NEBRASKA- Since March 2020, Legal Aid of Nebraska has received more than 560 requests for people asking for representation in unemployment cases.
Ann Mangiameli, an attorney with the nonprofit that offers civil legal services for people with limited resources, provided that statistic in a hearing at the State Capitol on Wednesday. Some of those clients had been denied unemployment benefits, she said. Some had received benefits, then were later notified they shouldn’t have been paid — the state had overpaid and wanted its money back.
For her clients who live paycheck to paycheck and work blue-collar jobs, Mangiameli said, a demand to pay back $15,000-$20,000, in some cases, can be devastating. And her clients, she said, hadn’t been adequately notified so they could take advantage of appeals processes.
“Our clients relied on the Department of Labor, when they filed their applications, to properly process their application,” she said. “They waited that five to six months with no income, finally got approved for benefits and finally got paid. The Department of Labor then came back, in many instances, and said, ‘We’ve redetermined, and determined that you should not have been paid that money, please pay us back.’ ”

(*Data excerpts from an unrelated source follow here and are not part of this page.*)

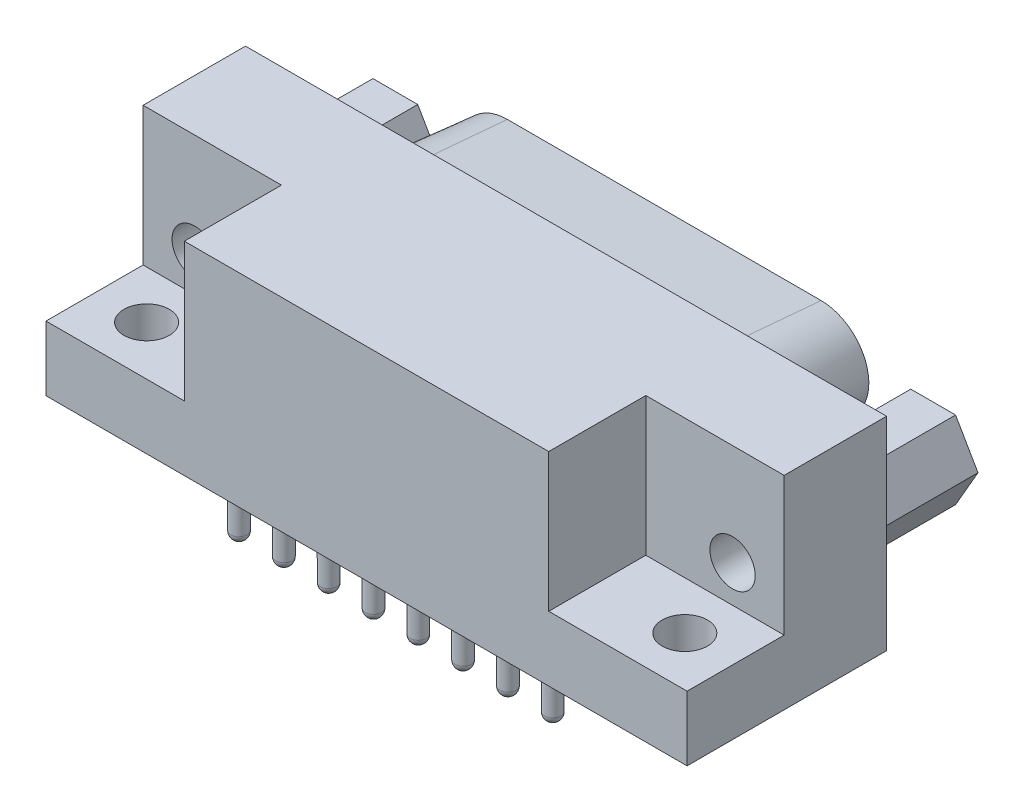
from build123d import *

# Parameters (mm, degrees)
SKETCH1_W                    = 39.62
SKETCH1_H                    = 12.33
BASE_EXTRUDE_DEPTH           = 12.55
SKETCH2_W                    = 8.55
SKETCH2_H                    = 6
CUT_EXTRUDE1_DEPTH           = 8.55
SKETCH3_R                    = 1.4
CUT_EXTRUDE2_DEPTH           = 33.442375067
BOSS_EXTRUDE1_DEPTH          = 6.07
SKETCH5_R                    = 1.4
CUT_EXTRUDE3_DEPTH           = 6.07
BOSS_EXTRUDE2_DEPTH          = 6.07
BOSS_EXTRUDE2_TAPER          = 5
SKETCH13_R                   = 1.4
CUT_EXTRUDE7_DEPTH           = 5
SKETCH7_R                    = 0.5
CUT_EXTRUDE4_DEPTH           = 9.47
CHAMFER1_SIZE                = 0.55
LPATTERN1_COUNT              = 8
LPATTERN1_PITCH              = 2.75
CHAMFER1_OF_LPATTERN1_SIZE   = 0.55
CUT_EXTRUDE5_START           = -9.47
SKETCH8_R                    = 0.5
CUT_EXTRUDE5_DEPTH           = 9.47
CHAMFER2_SIZE                = 0.55
LPATTERN2_COUNT              = 7
LPATTERN2_PITCH              = 2.75
CHAMFER2_OF_LPATTERN2_SIZE   = 0.55
SKETCH9_R                    = 0.5
BOSS_EXTRUDE3_DEPTH          = 3
DOME1_FACE_RADIUS            = 0.5
DOME1_HEIGHT                 = 0.5
LPATTERN3_COUNT              = 8
LPATTERN3_PITCH              = 2.77
LPATTERN3_COPY_1_FACE_RADIUS = 0.5
LPATTERN3_COPY_1_HEIGHT      = 0.5
LPATTERN3_COPY_2_FACE_RADIUS = 0.5
LPATTERN3_COPY_2_HEIGHT      = 0.5
LPATTERN3_COPY_3_FACE_RADIUS = 0.5
LPATTERN3_COPY_3_HEIGHT      = 0.5
LPATTERN3_COPY_4_FACE_RADIUS = 0.5
LPATTERN3_COPY_4_HEIGHT      = 0.5
LPATTERN3_COPY_5_FACE_RADIUS = 0.5
LPATTERN3_COPY_5_HEIGHT      = 0.5
LPATTERN3_COPY_6_FACE_RADIUS = 0.5
LPATTERN3_COPY_6_HEIGHT      = 0.5
LPATTERN3_COPY_7_FACE_RADIUS = 0.5
LPATTERN3_COPY_7_HEIGHT      = 0.5
SKETCH10_R                   = 0.5
BOSS_EXTRUDE4_DEPTH          = 3
DOME2_FACE_RADIUS            = 0.5
DOME2_HEIGHT                 = 0.5
LPATTERN4_COUNT              = 7
LPATTERN4_PITCH              = 2.77
LPATTERN4_COPY_1_FACE_RADIUS = 0.5
LPATTERN4_COPY_1_HEIGHT      = 0.5
LPATTERN4_COPY_2_FACE_RADIUS = 0.5
LPATTERN4_COPY_2_HEIGHT      = 0.5
LPATTERN4_COPY_3_FACE_RADIUS = 0.5
LPATTERN4_COPY_3_HEIGHT      = 0.5
LPATTERN4_COPY_4_FACE_RADIUS = 0.5
LPATTERN4_COPY_4_HEIGHT      = 0.5
LPATTERN4_COPY_5_FACE_RADIUS = 0.5
LPATTERN4_COPY_5_HEIGHT      = 0.5
LPATTERN4_COPY_6_FACE_RADIUS = 0.5
LPATTERN4_COPY_6_HEIGHT      = 0.5
CUT_EXTRUDE6_DEPTH           = 0.001


with BuildPart() as part:
    # Sketch1 → Base-Extrude (new body)
    with BuildSketch(Plane(origin=(0, 0, 0), x_dir=(1, 0, 0), z_dir=(0, 1, 0))):
        with Locations((9.65, 4.395)):
            Rectangle(SKETCH1_W, SKETCH1_H)
    extrude(amount=BASE_EXTRUDE_DEPTH)

    # Sketch2 → Cut-Extrude1 (cut)
    with BuildSketch(Plane(origin=(0, 12.55, 0), x_dir=(-1, 0, 0), z_dir=(0, 1, 0))):
        with Locations((5.885, -1.23)):
            Rectangle(SKETCH2_W, SKETCH2_H)
    cut_extrude1 = extrude(amount=-CUT_EXTRUDE1_DEPTH, mode=Mode.SUBTRACT)

    # Sketch3 → Cut-Extrude2 (cut, through all)
    with BuildSketch(Plane(origin=(0, 4, 0), x_dir=(-1, 0, 0), z_dir=(0, 1, 0))):
        with Locations(Location((6.98, -1.27, 0), (0, 0, 90))):
            Circle(SKETCH3_R)
    cut_extrude2 = extrude(amount=-CUT_EXTRUDE2_DEPTH, mode=Mode.SUBTRACT)

    # Sketch4 → Boss-Extrude1 (add)
    with BuildSketch(Plane(origin=(0, 0, -10.56), x_dir=(-1, 0, 0), z_dir=(0, 0, -1))):
        Polygon((8.355, 3.881109632), (5.585, 3.881109632), (4.2, 6.28), (5.585, 8.678890368), (8.355, 8.678890368), (9.74, 6.28), align=None)
    boss_extrude1 = extrude(amount=BOSS_EXTRUDE1_DEPTH)

    # Sketch5 → Cut-Extrude3 (cut)
    with BuildSketch(Plane(origin=(0, 0, -16.63), x_dir=(-1, 0, 0), z_dir=(0, 0, -1))):
        with Locations((6.97, 6.28)):
            Circle(SKETCH5_R)
    cut_extrude3 = extrude(amount=-CUT_EXTRUDE3_DEPTH, mode=Mode.SUBTRACT)

    # Sketch6 → Boss-Extrude2 (add)
    with BuildSketch(Plane(origin=(0, 0, -10.56), x_dir=(-1, 0, 0), z_dir=(0, 0, -1))):
        with BuildLine():
            ThreePointArc((-19.345, 11.18), (-22.388072176, 9.388227393), (-22.297527475, 5.857995247))
            Line((-22.297527475, 5.857995247), (-20.912527475, 3.637995247))
            ThreePointArc((-20.912527475, 3.637995247), (-19.648227393, 2.436927824), (-17.96, 2))
            Line((-17.96, 2), (-1.34, 2))
            ThreePointArc((-1.34, 2), (0.348227393, 2.436927824), (1.612527475, 3.637995247))
            Line((1.612527475, 3.637995247), (2.997527475, 5.857995247))
            ThreePointArc((2.997527475, 5.857995247), (3.088072176, 9.388227393), (0.045, 11.18))
            Line((0.045, 11.18), (-19.345, 11.18))
        make_face()
    extrude(amount=BOSS_EXTRUDE2_DEPTH, taper=BOSS_EXTRUDE2_TAPER)

    # Sketch13 → Cut-Extrude7 (cut)
    with BuildSketch(Plane.XY.offset(-4.23)):
        with Locations(Location((-6.97, 6.28, 0), (0, 0, 180))):
            Circle(SKETCH13_R)
    cut_extrude7 = extrude(amount=-CUT_EXTRUDE7_DEPTH, mode=Mode.SUBTRACT)

    # Mirror1: Cut-Extrude1, Cut-Extrude2, Boss-Extrude1, Cut-Extrude3, Cut-Extrude7 across plane
    add(cut_extrude1.mirror(Plane.ZY.offset(-9.65)), mode=Mode.SUBTRACT)
    add(cut_extrude2.mirror(Plane.ZY.offset(-9.65)), mode=Mode.SUBTRACT)
    add(boss_extrude1.mirror(Plane.ZY.offset(-9.65)))
    add(cut_extrude3.mirror(Plane.ZY.offset(-9.65)), mode=Mode.SUBTRACT)
    add(cut_extrude7.mirror(Plane.ZY.offset(-9.65)), mode=Mode.SUBTRACT)

    # Sketch7 → Cut-Extrude4 (cut)
    with BuildSketch(Plane(origin=(0, 0, -16.63), x_dir=(-1, 0, 0), z_dir=(0, 0, -1))):
        with Locations((-0.45, 7.69)):
            Circle(SKETCH7_R)
    cut_extrude4 = extrude(amount=-CUT_EXTRUDE4_DEPTH, mode=Mode.SUBTRACT)

    # Chamfer1
    chamfer1_edges = [part.edges().sort_by_distance(p)[0] for p in [
        (0.95, 7.69, -16.63),
    ]]
    chamfer(chamfer1_edges, length=CHAMFER1_SIZE)

    # LPattern1: Cut-Extrude4 ×8
    with Locations(*[(i * LPATTERN1_PITCH, 0, 0) for i in range(1, LPATTERN1_COUNT)]):
        add(cut_extrude4, mode=Mode.SUBTRACT)

    # Chamfer1 of LPattern1
    chamfer1_of_lpattern1_edges = [part.edges().sort_by_distance(p)[0] for p in [
        (3.7, 7.69, -16.63),
        (6.45, 7.69, -16.63),
        (9.2, 7.69, -16.63),
        (11.95, 7.69, -16.63),
        (14.7, 7.69, -16.63),
        (17.45, 7.69, -16.63),
        (20.2, 7.69, -16.63),
    ]]
    chamfer(chamfer1_of_lpattern1_edges, length=CHAMFER1_OF_LPATTERN1_SIZE)

    # Sketch8 → Cut-Extrude5 (cut)
    with BuildSketch(Plane(origin=(0, 0, -16.63), x_dir=(-1, 0, 0), z_dir=(0, 0, -1)).offset(CUT_EXTRUDE5_START)):
        with Locations((-1.825, 4.85)):
            Circle(SKETCH8_R)
    cut_extrude5 = extrude(amount=CUT_EXTRUDE5_DEPTH, mode=Mode.SUBTRACT)

    # Chamfer2
    chamfer2_edges = [part.edges().sort_by_distance(p)[0] for p in [
        (2.325, 4.85, -16.63),
    ]]
    chamfer(chamfer2_edges, length=CHAMFER2_SIZE)

    # LPattern2: Cut-Extrude5 ×7
    with Locations(*[(i * LPATTERN2_PITCH, 0, 0) for i in range(1, LPATTERN2_COUNT)]):
        add(cut_extrude5, mode=Mode.SUBTRACT)

    # Chamfer2 of LPattern2
    chamfer2_of_lpattern2_edges = [part.edges().sort_by_distance(p)[0] for p in [
        (5.075, 4.85, -16.63),
        (7.825, 4.85, -16.63),
        (10.575, 4.85, -16.63),
        (13.325, 4.85, -16.63),
        (16.075, 4.85, -16.63),
        (18.825, 4.85, -16.63),
    ]]
    chamfer(chamfer2_of_lpattern2_edges, length=CHAMFER2_OF_LPATTERN2_SIZE)

    # Sketch9 → Boss-Extrude3 (add)
    with BuildSketch(Plane.XZ):
        with Locations(Location((0, 0, 0), (0, 0, 90))):
            Circle(SKETCH9_R)
    boss_extrude3 = extrude(amount=BOSS_EXTRUDE3_DEPTH)

    # Dome1: a dome of height H over a round flat face of radius A is a cap of a sphere of radius (A * A + H * H) / (2 * H)
    dome1_r = (DOME1_FACE_RADIUS * DOME1_FACE_RADIUS + DOME1_HEIGHT * DOME1_HEIGHT) / (2 * DOME1_HEIGHT)
    dome1_base = Plane((0, -3, 0), z_dir=(0, -1, 0))
    with Locations(dome1_base.offset(DOME1_HEIGHT - dome1_r)):
        dome1_ball = Sphere(dome1_r, mode=Mode.PRIVATE)
    add(split(dome1_ball, bisect_by=dome1_base, keep=Keep.TOP, mode=Mode.PRIVATE))

    # LPattern3: Boss-Extrude3 ×8
    with Locations(*[(i * LPATTERN3_PITCH, 0, 0) for i in range(1, LPATTERN3_COUNT)]):
        add(boss_extrude3)

    # LPattern3 copy 1: a dome of height H over a round flat face of radius A is a cap of a sphere of radius (A * A + H * H) / (2 * H)
    lpattern3_copy_1_r = (LPATTERN3_COPY_1_FACE_RADIUS * LPATTERN3_COPY_1_FACE_RADIUS + LPATTERN3_COPY_1_HEIGHT * LPATTERN3_COPY_1_HEIGHT) / (2 * LPATTERN3_COPY_1_HEIGHT)
    lpattern3_copy_1_base = Plane((2.77, -3, 0), z_dir=(0, -1, 0))
    with Locations(lpattern3_copy_1_base.offset(LPATTERN3_COPY_1_HEIGHT - lpattern3_copy_1_r)):
        lpattern3_copy_1_ball = Sphere(lpattern3_copy_1_r, mode=Mode.PRIVATE)
    add(split(lpattern3_copy_1_ball, bisect_by=lpattern3_copy_1_base, keep=Keep.TOP, mode=Mode.PRIVATE))

    # LPattern3 copy 2: a dome of height H over a round flat face of radius A is a cap of a sphere of radius (A * A + H * H) / (2 * H)
    lpattern3_copy_2_r = (LPATTERN3_COPY_2_FACE_RADIUS * LPATTERN3_COPY_2_FACE_RADIUS + LPATTERN3_COPY_2_HEIGHT * LPATTERN3_COPY_2_HEIGHT) / (2 * LPATTERN3_COPY_2_HEIGHT)
    lpattern3_copy_2_base = Plane((5.54, -3, 0), z_dir=(0, -1, 0))
    with Locations(lpattern3_copy_2_base.offset(LPATTERN3_COPY_2_HEIGHT - lpattern3_copy_2_r)):
        lpattern3_copy_2_ball = Sphere(lpattern3_copy_2_r, mode=Mode.PRIVATE)
    add(split(lpattern3_copy_2_ball, bisect_by=lpattern3_copy_2_base, keep=Keep.TOP, mode=Mode.PRIVATE))

    # LPattern3 copy 3: a dome of height H over a round flat face of radius A is a cap of a sphere of radius (A * A + H * H) / (2 * H)
    lpattern3_copy_3_r = (LPATTERN3_COPY_3_FACE_RADIUS * LPATTERN3_COPY_3_FACE_RADIUS + LPATTERN3_COPY_3_HEIGHT * LPATTERN3_COPY_3_HEIGHT) / (2 * LPATTERN3_COPY_3_HEIGHT)
    lpattern3_copy_3_base = Plane((8.31, -3, 0), z_dir=(0, -1, 0))
    with Locations(lpattern3_copy_3_base.offset(LPATTERN3_COPY_3_HEIGHT - lpattern3_copy_3_r)):
        lpattern3_copy_3_ball = Sphere(lpattern3_copy_3_r, mode=Mode.PRIVATE)
    add(split(lpattern3_copy_3_ball, bisect_by=lpattern3_copy_3_base, keep=Keep.TOP, mode=Mode.PRIVATE))

    # LPattern3 copy 4: a dome of height H over a round flat face of radius A is a cap of a sphere of radius (A * A + H * H) / (2 * H)
    lpattern3_copy_4_r = (LPATTERN3_COPY_4_FACE_RADIUS * LPATTERN3_COPY_4_FACE_RADIUS + LPATTERN3_COPY_4_HEIGHT * LPATTERN3_COPY_4_HEIGHT) / (2 * LPATTERN3_COPY_4_HEIGHT)
    lpattern3_copy_4_base = Plane((11.08, -3, 0), z_dir=(0, -1, 0))
    with Locations(lpattern3_copy_4_base.offset(LPATTERN3_COPY_4_HEIGHT - lpattern3_copy_4_r)):
        lpattern3_copy_4_ball = Sphere(lpattern3_copy_4_r, mode=Mode.PRIVATE)
    add(split(lpattern3_copy_4_ball, bisect_by=lpattern3_copy_4_base, keep=Keep.TOP, mode=Mode.PRIVATE))

    # LPattern3 copy 5: a dome of height H over a round flat face of radius A is a cap of a sphere of radius (A * A + H * H) / (2 * H)
    lpattern3_copy_5_r = (LPATTERN3_COPY_5_FACE_RADIUS * LPATTERN3_COPY_5_FACE_RADIUS + LPATTERN3_COPY_5_HEIGHT * LPATTERN3_COPY_5_HEIGHT) / (2 * LPATTERN3_COPY_5_HEIGHT)
    lpattern3_copy_5_base = Plane((13.85, -3, 0), z_dir=(0, -1, 0))
    with Locations(lpattern3_copy_5_base.offset(LPATTERN3_COPY_5_HEIGHT - lpattern3_copy_5_r)):
        lpattern3_copy_5_ball = Sphere(lpattern3_copy_5_r, mode=Mode.PRIVATE)
    add(split(lpattern3_copy_5_ball, bisect_by=lpattern3_copy_5_base, keep=Keep.TOP, mode=Mode.PRIVATE))

    # LPattern3 copy 6: a dome of height H over a round flat face of radius A is a cap of a sphere of radius (A * A + H * H) / (2 * H)
    lpattern3_copy_6_r = (LPATTERN3_COPY_6_FACE_RADIUS * LPATTERN3_COPY_6_FACE_RADIUS + LPATTERN3_COPY_6_HEIGHT * LPATTERN3_COPY_6_HEIGHT) / (2 * LPATTERN3_COPY_6_HEIGHT)
    lpattern3_copy_6_base = Plane((16.62, -3, 0), z_dir=(0, -1, 0))
    with Locations(lpattern3_copy_6_base.offset(LPATTERN3_COPY_6_HEIGHT - lpattern3_copy_6_r)):
        lpattern3_copy_6_ball = Sphere(lpattern3_copy_6_r, mode=Mode.PRIVATE)
    add(split(lpattern3_copy_6_ball, bisect_by=lpattern3_copy_6_base, keep=Keep.TOP, mode=Mode.PRIVATE))

    # LPattern3 copy 7: a dome of height H over a round flat face of radius A is a cap of a sphere of radius (A * A + H * H) / (2 * H)
    lpattern3_copy_7_r = (LPATTERN3_COPY_7_FACE_RADIUS * LPATTERN3_COPY_7_FACE_RADIUS + LPATTERN3_COPY_7_HEIGHT * LPATTERN3_COPY_7_HEIGHT) / (2 * LPATTERN3_COPY_7_HEIGHT)
    lpattern3_copy_7_base = Plane((19.39, -3, 0), z_dir=(0, -1, 0))
    with Locations(lpattern3_copy_7_base.offset(LPATTERN3_COPY_7_HEIGHT - lpattern3_copy_7_r)):
        lpattern3_copy_7_ball = Sphere(lpattern3_copy_7_r, mode=Mode.PRIVATE)
    add(split(lpattern3_copy_7_ball, bisect_by=lpattern3_copy_7_base, keep=Keep.TOP, mode=Mode.PRIVATE))

    # Sketch10 → Boss-Extrude4 (add)
    with BuildSketch(Plane.XZ):
        with Locations(Location((1.385, -2.84, 0), (0, 0, 90))):
            Circle(SKETCH10_R)
    boss_extrude4 = extrude(amount=BOSS_EXTRUDE4_DEPTH)

    # Dome2: a dome of height H over a round flat face of radius A is a cap of a sphere of radius (A * A + H * H) / (2 * H)
    dome2_r = (DOME2_FACE_RADIUS * DOME2_FACE_RADIUS + DOME2_HEIGHT * DOME2_HEIGHT) / (2 * DOME2_HEIGHT)
    dome2_base = Plane((1.385, -3, -2.84), z_dir=(0, -1, 0))
    with Locations(dome2_base.offset(DOME2_HEIGHT - dome2_r)):
        dome2_ball = Sphere(dome2_r, mode=Mode.PRIVATE)
    add(split(dome2_ball, bisect_by=dome2_base, keep=Keep.TOP, mode=Mode.PRIVATE))

    # LPattern4: Boss-Extrude4 ×7
    with Locations(*[(i * LPATTERN4_PITCH, 0, 0) for i in range(1, LPATTERN4_COUNT)]):
        add(boss_extrude4)

    # LPattern4 copy 1: a dome of height H over a round flat face of radius A is a cap of a sphere of radius (A * A + H * H) / (2 * H)
    lpattern4_copy_1_r = (LPATTERN4_COPY_1_FACE_RADIUS * LPATTERN4_COPY_1_FACE_RADIUS + LPATTERN4_COPY_1_HEIGHT * LPATTERN4_COPY_1_HEIGHT) / (2 * LPATTERN4_COPY_1_HEIGHT)
    lpattern4_copy_1_base = Plane((4.155, -3, -2.84), z_dir=(0, -1, 0))
    with Locations(lpattern4_copy_1_base.offset(LPATTERN4_COPY_1_HEIGHT - lpattern4_copy_1_r)):
        lpattern4_copy_1_ball = Sphere(lpattern4_copy_1_r, mode=Mode.PRIVATE)
    add(split(lpattern4_copy_1_ball, bisect_by=lpattern4_copy_1_base, keep=Keep.TOP, mode=Mode.PRIVATE))

    # LPattern4 copy 2: a dome of height H over a round flat face of radius A is a cap of a sphere of radius (A * A + H * H) / (2 * H)
    lpattern4_copy_2_r = (LPATTERN4_COPY_2_FACE_RADIUS * LPATTERN4_COPY_2_FACE_RADIUS + LPATTERN4_COPY_2_HEIGHT * LPATTERN4_COPY_2_HEIGHT) / (2 * LPATTERN4_COPY_2_HEIGHT)
    lpattern4_copy_2_base = Plane((6.925, -3, -2.84), z_dir=(0, -1, 0))
    with Locations(lpattern4_copy_2_base.offset(LPATTERN4_COPY_2_HEIGHT - lpattern4_copy_2_r)):
        lpattern4_copy_2_ball = Sphere(lpattern4_copy_2_r, mode=Mode.PRIVATE)
    add(split(lpattern4_copy_2_ball, bisect_by=lpattern4_copy_2_base, keep=Keep.TOP, mode=Mode.PRIVATE))

    # LPattern4 copy 3: a dome of height H over a round flat face of radius A is a cap of a sphere of radius (A * A + H * H) / (2 * H)
    lpattern4_copy_3_r = (LPATTERN4_COPY_3_FACE_RADIUS * LPATTERN4_COPY_3_FACE_RADIUS + LPATTERN4_COPY_3_HEIGHT * LPATTERN4_COPY_3_HEIGHT) / (2 * LPATTERN4_COPY_3_HEIGHT)
    lpattern4_copy_3_base = Plane((9.695, -3, -2.84), z_dir=(0, -1, 0))
    with Locations(lpattern4_copy_3_base.offset(LPATTERN4_COPY_3_HEIGHT - lpattern4_copy_3_r)):
        lpattern4_copy_3_ball = Sphere(lpattern4_copy_3_r, mode=Mode.PRIVATE)
    add(split(lpattern4_copy_3_ball, bisect_by=lpattern4_copy_3_base, keep=Keep.TOP, mode=Mode.PRIVATE))

    # LPattern4 copy 4: a dome of height H over a round flat face of radius A is a cap of a sphere of radius (A * A + H * H) / (2 * H)
    lpattern4_copy_4_r = (LPATTERN4_COPY_4_FACE_RADIUS * LPATTERN4_COPY_4_FACE_RADIUS + LPATTERN4_COPY_4_HEIGHT * LPATTERN4_COPY_4_HEIGHT) / (2 * LPATTERN4_COPY_4_HEIGHT)
    lpattern4_copy_4_base = Plane((12.465, -3, -2.84), z_dir=(0, -1, 0))
    with Locations(lpattern4_copy_4_base.offset(LPATTERN4_COPY_4_HEIGHT - lpattern4_copy_4_r)):
        lpattern4_copy_4_ball = Sphere(lpattern4_copy_4_r, mode=Mode.PRIVATE)
    add(split(lpattern4_copy_4_ball, bisect_by=lpattern4_copy_4_base, keep=Keep.TOP, mode=Mode.PRIVATE))

    # LPattern4 copy 5: a dome of height H over a round flat face of radius A is a cap of a sphere of radius (A * A + H * H) / (2 * H)
    lpattern4_copy_5_r = (LPATTERN4_COPY_5_FACE_RADIUS * LPATTERN4_COPY_5_FACE_RADIUS + LPATTERN4_COPY_5_HEIGHT * LPATTERN4_COPY_5_HEIGHT) / (2 * LPATTERN4_COPY_5_HEIGHT)
    lpattern4_copy_5_base = Plane((15.235, -3, -2.84), z_dir=(0, -1, 0))
    with Locations(lpattern4_copy_5_base.offset(LPATTERN4_COPY_5_HEIGHT - lpattern4_copy_5_r)):
        lpattern4_copy_5_ball = Sphere(lpattern4_copy_5_r, mode=Mode.PRIVATE)
    add(split(lpattern4_copy_5_ball, bisect_by=lpattern4_copy_5_base, keep=Keep.TOP, mode=Mode.PRIVATE))

    # LPattern4 copy 6: a dome of height H over a round flat face of radius A is a cap of a sphere of radius (A * A + H * H) / (2 * H)
    lpattern4_copy_6_r = (LPATTERN4_COPY_6_FACE_RADIUS * LPATTERN4_COPY_6_FACE_RADIUS + LPATTERN4_COPY_6_HEIGHT * LPATTERN4_COPY_6_HEIGHT) / (2 * LPATTERN4_COPY_6_HEIGHT)
    lpattern4_copy_6_base = Plane((18.005, -3, -2.84), z_dir=(0, -1, 0))
    with Locations(lpattern4_copy_6_base.offset(LPATTERN4_COPY_6_HEIGHT - lpattern4_copy_6_r)):
        lpattern4_copy_6_ball = Sphere(lpattern4_copy_6_r, mode=Mode.PRIVATE)
    add(split(lpattern4_copy_6_ball, bisect_by=lpattern4_copy_6_base, keep=Keep.TOP, mode=Mode.PRIVATE))

    # Sketch11 → Cut-Extrude6 (cut)
    with BuildSketch(Plane(origin=(0, 0, -16.63), x_dir=(-1, 0, 0), z_dir=(0, 0, -1))):
        with BuildLine():
            Line((0.822593861, 4.13081419), (2.207593861, 6.35081419))
            ThreePointArc((2.207593861, 6.35081419), (2.273913792, 8.936550795), (0.045, 10.248943812))
            Line((0.045, 10.248943812), (-19.345, 10.248943812))
            ThreePointArc((-19.345, 10.248943812), (-21.573913792, 8.936550795), (-21.507593861, 6.35081419))
            Line((-21.507593861, 6.35081419), (-20.122593861, 4.13081419))
            ThreePointArc((-20.122593861, 4.13081419), (-19.196550795, 3.251086208), (-17.96, 2.931056188))
            Line((-17.96, 2.931056188), (-1.34, 2.931056188))
            ThreePointArc((-1.34, 2.931056188), (-0.103449205, 3.251086208), (0.822593861, 4.13081419))
        make_face()
    extrude(amount=-CUT_EXTRUDE6_DEPTH, mode=Mode.SUBTRACT)


solid = part.part

Members of the Nebraska Legislature’s Business and Labor Committee listened to Mangiameli’s testimony Wednesday, after a briefing from Labor Commissioner John Albin and testimony from a representative of the nonprofit Nebraska Appleseed.
State Sen. Carol Blood of Bellevue pressed Albin for answers regarding overpayments that were discovered amid a tidal wave of people filing for unemployment during the pandemic. Her focus was on instances when people were overpaid because of an agency error, not because of fraud or something they did wrong.